These three Samples A, B and C were stored in a thermo-hygrostat at a temperature of 45 C. and a humidity of 85% for 3 days and then they were set on a printing press, Heidelberg KOR-D PRINTING PRESS, to carry out printing operation in accordance with usual manner. The number of unacceptable printed matters which are compelled to be produced until distinct printed matters were obtained was not less than 100 with respect to Sample A, 10 with respect to Sample B and 8 with respect to Sample C. In the course of printing operation, Samples A and B were hardly contaminated while Sample C was very easily contaminated. Sample B on which the desensitizing gum of the present invention was coated was excellent in both the ink receptivity of the image areas and the desensitizing ability of the non-image areas.

EXAMPLE 2 (i) The instant desensitizing Gum

There were dissolved, in 756.2 parts by weight of pure water, 100 parts by weight of succinic acid monoester of water-soluble starch derived from waxy corn, having a low viscosity (degree of substitution=0.01; viscosity at 20 C. (concn.=20% by weight)=50 cps), 80 parts by weight of hexenyl succinic acid ester of water-soluble starch derived from waxy corn (degree of substitution=0.012; viscosity at 20 C. (concn.=20% by weight)=100 cps ), 50 parts by weight of enzyme decomposed dextrin (manufactured and sold by NICHIDEN CHEMICAL COMPANY under the trade name of AMICOL 1B), 0.8 parts by weight of an anionic surfactant, dialkyl sulfosuccinate (manufactured and sold by Kao Corporation under the trade name of PELEX OTR), 2.0 parts by weight of polyoxyethylene nonyl phenol ether (manufactured and sold by Kao Corporation under the trade name of EMULGEN #920) 0.5 parts by weight of phenol, 0.5 parts by weight of sodium dehydroacetate, 6 parts by w eight of sodium hexametaphosphate and 4 parts by weight of phosphoric acid (85%) in order to obtain a desensitizing gum according to the present invention.

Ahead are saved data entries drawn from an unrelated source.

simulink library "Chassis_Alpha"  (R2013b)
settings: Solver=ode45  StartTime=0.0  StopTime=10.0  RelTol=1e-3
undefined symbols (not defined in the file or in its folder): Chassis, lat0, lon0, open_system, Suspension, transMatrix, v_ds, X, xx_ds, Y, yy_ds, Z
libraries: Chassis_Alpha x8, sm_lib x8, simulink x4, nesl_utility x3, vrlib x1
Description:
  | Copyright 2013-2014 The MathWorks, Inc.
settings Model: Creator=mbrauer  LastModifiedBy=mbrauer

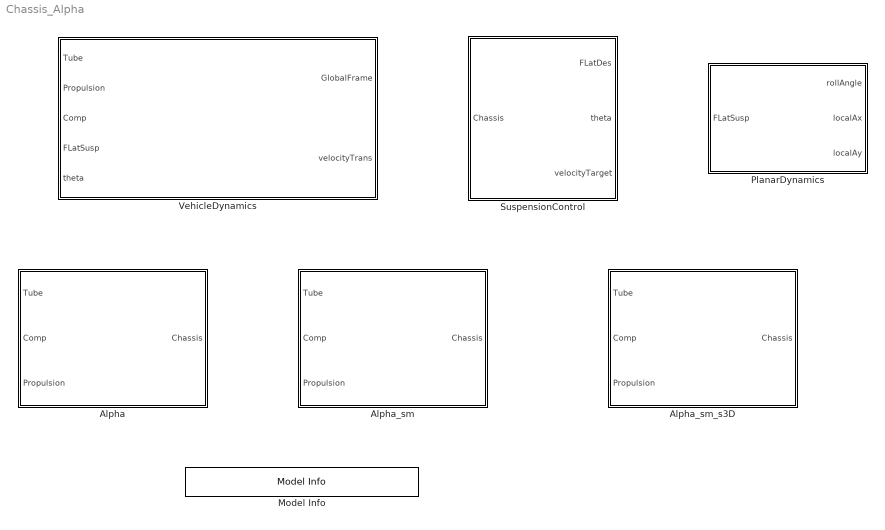
== system Chassis_Alpha ==
  Alpha : Subsystem
  Alpha_sm : Subsystem
  Alpha_sm_s3D : Subsystem  InitFcn=open_system([gcb,'/VR Sink'])
  Model Info : simulink/Model-Wide Utilities/Model Info  InitialBlockCM=None  BlockCM=none  Frame=on  DisplayStringWithTags=%<Description>  HorizontalTextAlignment=Center  LeftAlignmentValue=0.5  SourceBlockDiagram=Chassis_Alpha  TagMaxNumber=20
  PlanarDynamics : Subsystem
  SuspensionControl : Subsystem
  VehicleDynamics : Subsystem

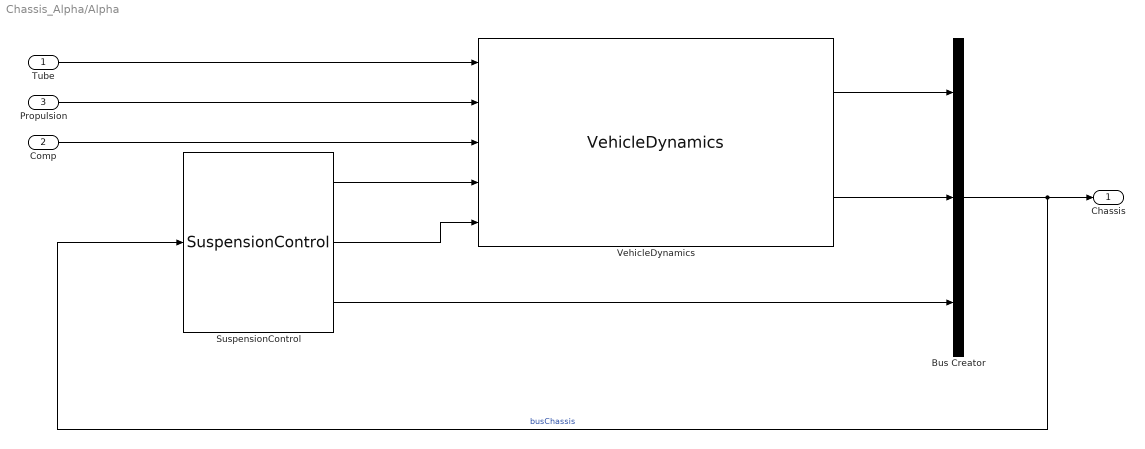
== system Chassis_Alpha/Alpha ==
  "Tube " : Inport
  Comp : Inport  Port=2
  Propulsion : Inport  Port=3
  Bus Creator : BusCreator  Inputs=3  NonVirtualBus=on
  SuspensionControl : Chassis_Alpha/SuspensionControl
  VehicleDynamics : Chassis_Alpha/VehicleDynamics
  Chassis : Outport
  wires:
  Bus Creator/1 -> SuspensionControl/1, Chassis/1  "busChassis"
  Comp/1 -> VehicleDynamics/3
  "Tube "/1 -> VehicleDynamics/1
  VehicleDynamics/1 -> Bus Creator/1
  VehicleDynamics/2 -> Bus Creator/2
  Propulsion/1 -> VehicleDynamics/2
  SuspensionControl/1 -> VehicleDynamics/4
  SuspensionControl/2 -> VehicleDynamics/5
  SuspensionControl/3 -> Bus Creator/3

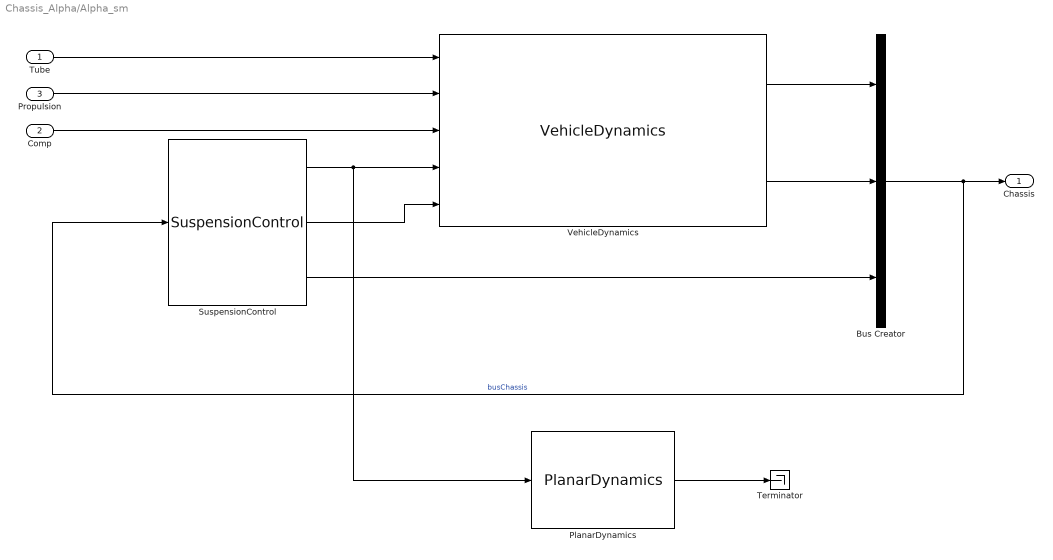
== system Chassis_Alpha/Alpha_sm ==
  "Tube " : Inport
  Comp : Inport  Port=2
  Propulsion : Inport  Port=3
  Bus Creator : BusCreator  Inputs=3  NonVirtualBus=on
  PlanarDynamics : Chassis_Alpha/PlanarDynamics
  SuspensionControl : Chassis_Alpha/SuspensionControl
  Terminator : Terminator
  VehicleDynamics : Chassis_Alpha/VehicleDynamics
  Chassis : Outport
  wires:
  SuspensionControl/3 -> Bus Creator/3
  SuspensionControl/2 -> VehicleDynamics/5
  SuspensionControl/1 -> PlanarDynamics/1, VehicleDynamics/4
  Propulsion/1 -> VehicleDynamics/2
  VehicleDynamics/2 -> Bus Creator/2
  VehicleDynamics/1 -> Bus Creator/1
  "Tube "/1 -> VehicleDynamics/1
  Comp/1 -> VehicleDynamics/3
  Bus Creator/1 -> Chassis/1, SuspensionControl/1  "busChassis"
  PlanarDynamics/1 -> Terminator/1

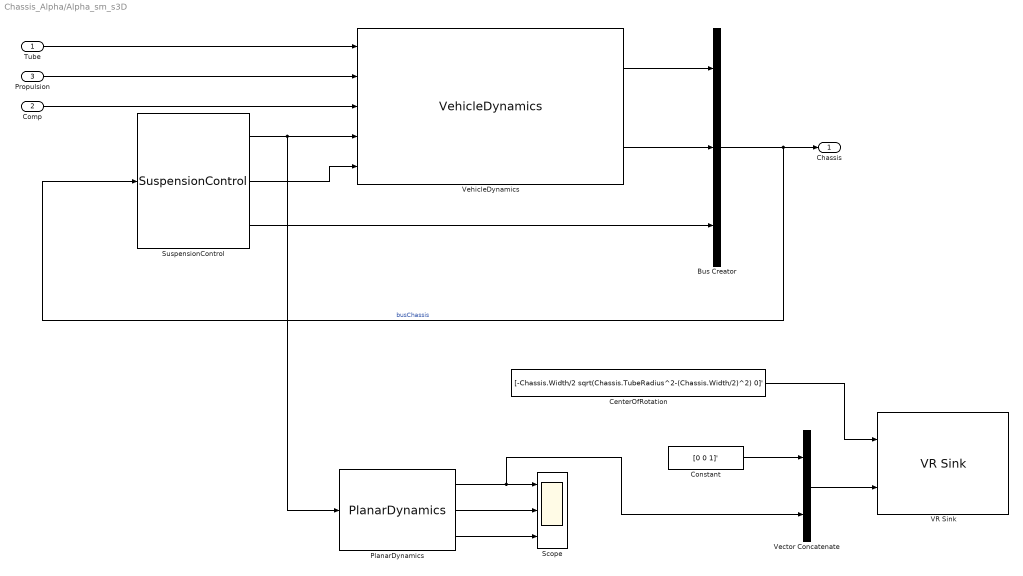
== system Chassis_Alpha/Alpha_sm_s3D ==
  "Tube " : Inport
  Comp : Inport  Port=2
  Propulsion : Inport  Port=3
  Bus Creator : BusCreator  Inputs=3  NonVirtualBus=on
  CenterOfRotation : Constant  Value=[-Chassis.Width/2 sqrt(Chassis.TubeRadius^2-(Chassis.Width/2)^2) 0]'
  Constant : Constant  Value=[0 0 1]'
  PlanarDynamics : Chassis_Alpha/PlanarDynamics
  Scope : Scope  NumInputPorts=3
      settings: YMin=-0.5~-0.1~-0.35  YMax=0.4~0.125~0.2  Decimation=10
  SuspensionControl : Chassis_Alpha/SuspensionControl
  VR Sink : vrlib/VR Sink  InstantiateOnLoad=on  SampleTime=0.1  ViewEnable=on  RemoteChange=off  RemoteView=off  FieldsWritten=HyperPod.center.3.1.1.double#HyperPod.rotation.4.1.1.double  WorldFileName=hyperLoopPod3D.wrl  AutoView=off  VideoDimensions=[]  AllowVariableSize=off
  Vector Concatenate : Concatenate
  VehicleDynamics : Chassis_Alpha/VehicleDynamics
  Chassis : Outport
  wires:
  PlanarDynamics/3 -> Scope/3
  PlanarDynamics/2 -> Scope/2
  Vector Concatenate/1 -> VR Sink/2
  CenterOfRotation/1 -> VR Sink/1
  Constant/1 -> Vector Concatenate/1
  PlanarDynamics/1 -> Scope/1, Vector Concatenate/2
  Bus Creator/1 -> SuspensionControl/1, Chassis/1  "busChassis"
  Comp/1 -> VehicleDynamics/3
  "Tube "/1 -> VehicleDynamics/1
  VehicleDynamics/1 -> Bus Creator/1
  VehicleDynamics/2 -> Bus Creator/2
  Propulsion/1 -> VehicleDynamics/2
  SuspensionControl/1 -> PlanarDynamics/1, VehicleDynamics/4
  SuspensionControl/2 -> VehicleDynamics/5
  SuspensionControl/3 -> Bus Creator/3

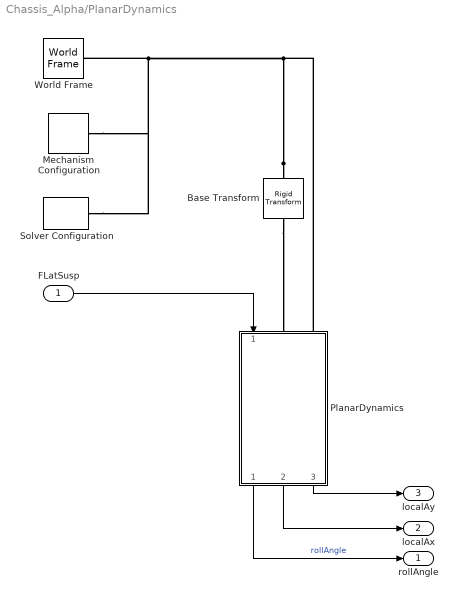
== system Chassis_Alpha/PlanarDynamics ==
  FLatSusp : Inport
  Base Transform : sm_lib/Frames and Transforms/Rigid Transform  TranslationMethod=None  TranslationLengthUnit=m  TranslationStandardAxis=+Z  TranslationStandardOffset=0  TranslationCartesianOffset=[0 0 0]  TranslationROffset=0  TranslationROffsetUnits=m  TranslationZOffset=0  TranslationZOffsetUnits=m  TranslationThetaOffset=0  TranslationThetaOffsetUnits=deg  RotationMethod=AlignedAxes  RotationAngleUnits=deg  RotationStandardAxis=+Z  RotationAngle=0  RotationArbitraryAxis=[0 0 1]  FollAlignAxisA=+Z  BaseAlignAxisA=-Y  FollAlignAxisB=+Y  BaseAlignAxisB=+X  BlockFunction=simmechanics.library.frames_transforms.rigid_transform
  Mechanism Configuration : sm_lib/Utilities/Mechanism Configuration  GravityVector=[0 0 -9.81]  GravityUnits=m/s^2  AllowGravitySignal=off  LinearizationDelta=0.001  BlockFunction=simmechanics.library.utilities.mechanism_configuration
  PlanarDynamics : Subsystem  mask(Upper Link){R=Chassis.TubeRadius, cH=Chassis.Height, cW=Chassis.Width, M=Chassis.Mass, D=5e3 % magic number}
      mask prompts: R "Tube Radius (m)"; cH "Chass height (m):"; cW "Chassis width (m):"; M "Chassis mass (kg)"; D "Damping (N/rad/s)"
      mask help: Upper link of the double pendulum mechanism
      mask init:
      | % Solve trigonmetry to determine chassis location.
      | % Assumes point contact at bottom edges with tube.
      | Alpha  = sqrt(R^2-(cW/2)^2);
      | AirGap = R-Alpha;
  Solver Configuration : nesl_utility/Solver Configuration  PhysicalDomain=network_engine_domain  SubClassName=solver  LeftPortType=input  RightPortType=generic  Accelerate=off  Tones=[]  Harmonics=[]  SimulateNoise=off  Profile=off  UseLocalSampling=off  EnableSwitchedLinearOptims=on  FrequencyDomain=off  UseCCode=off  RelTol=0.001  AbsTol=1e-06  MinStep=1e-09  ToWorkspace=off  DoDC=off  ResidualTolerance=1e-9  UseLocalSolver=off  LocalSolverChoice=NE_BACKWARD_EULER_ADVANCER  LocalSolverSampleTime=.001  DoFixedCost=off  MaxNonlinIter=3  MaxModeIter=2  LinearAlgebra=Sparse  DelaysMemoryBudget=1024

(ii) Lithographic Printing Plate

On the other hand, 1 part by weight of polyhydroxy phenyl naphthoquinone-1,2-diazido-5-sulfonate obtained by the condensation polymerization of acetone and pyrogallol disclosed in U.S. Pat. No. 3,635,709 and 2 parts by weight of novolak type cresol-formaldehyde resin were dissolved in 40 parts by weight of methyl cellosolve to form a lightsensitive liquid. An aluminum plate of 0.2 mm thick which had been grained was sufficiently washed and then dried. To the aluminum plate thus treated was applied the foregoing light-sensitive liquid by a rotary coating machine and dried to form a positive working presensitized plate having thereon a light-sensitive layer of about 0.2 g/m2 after drying. Thereafter, the PS plate was exposed to light through a half-tone positive transparency, developed with 3% aqueous solution of sodium silicate, water washed and dried.

(iii) Comparative Example

The lithographic printing plate thus obtained was cut into three pieces. One of them was coated with a conventional desensitizing gum, gum arabic of Be 14 (about 27% aqueous solution of gum arabic), and excess thereof was wiped off with cloth (Sample A).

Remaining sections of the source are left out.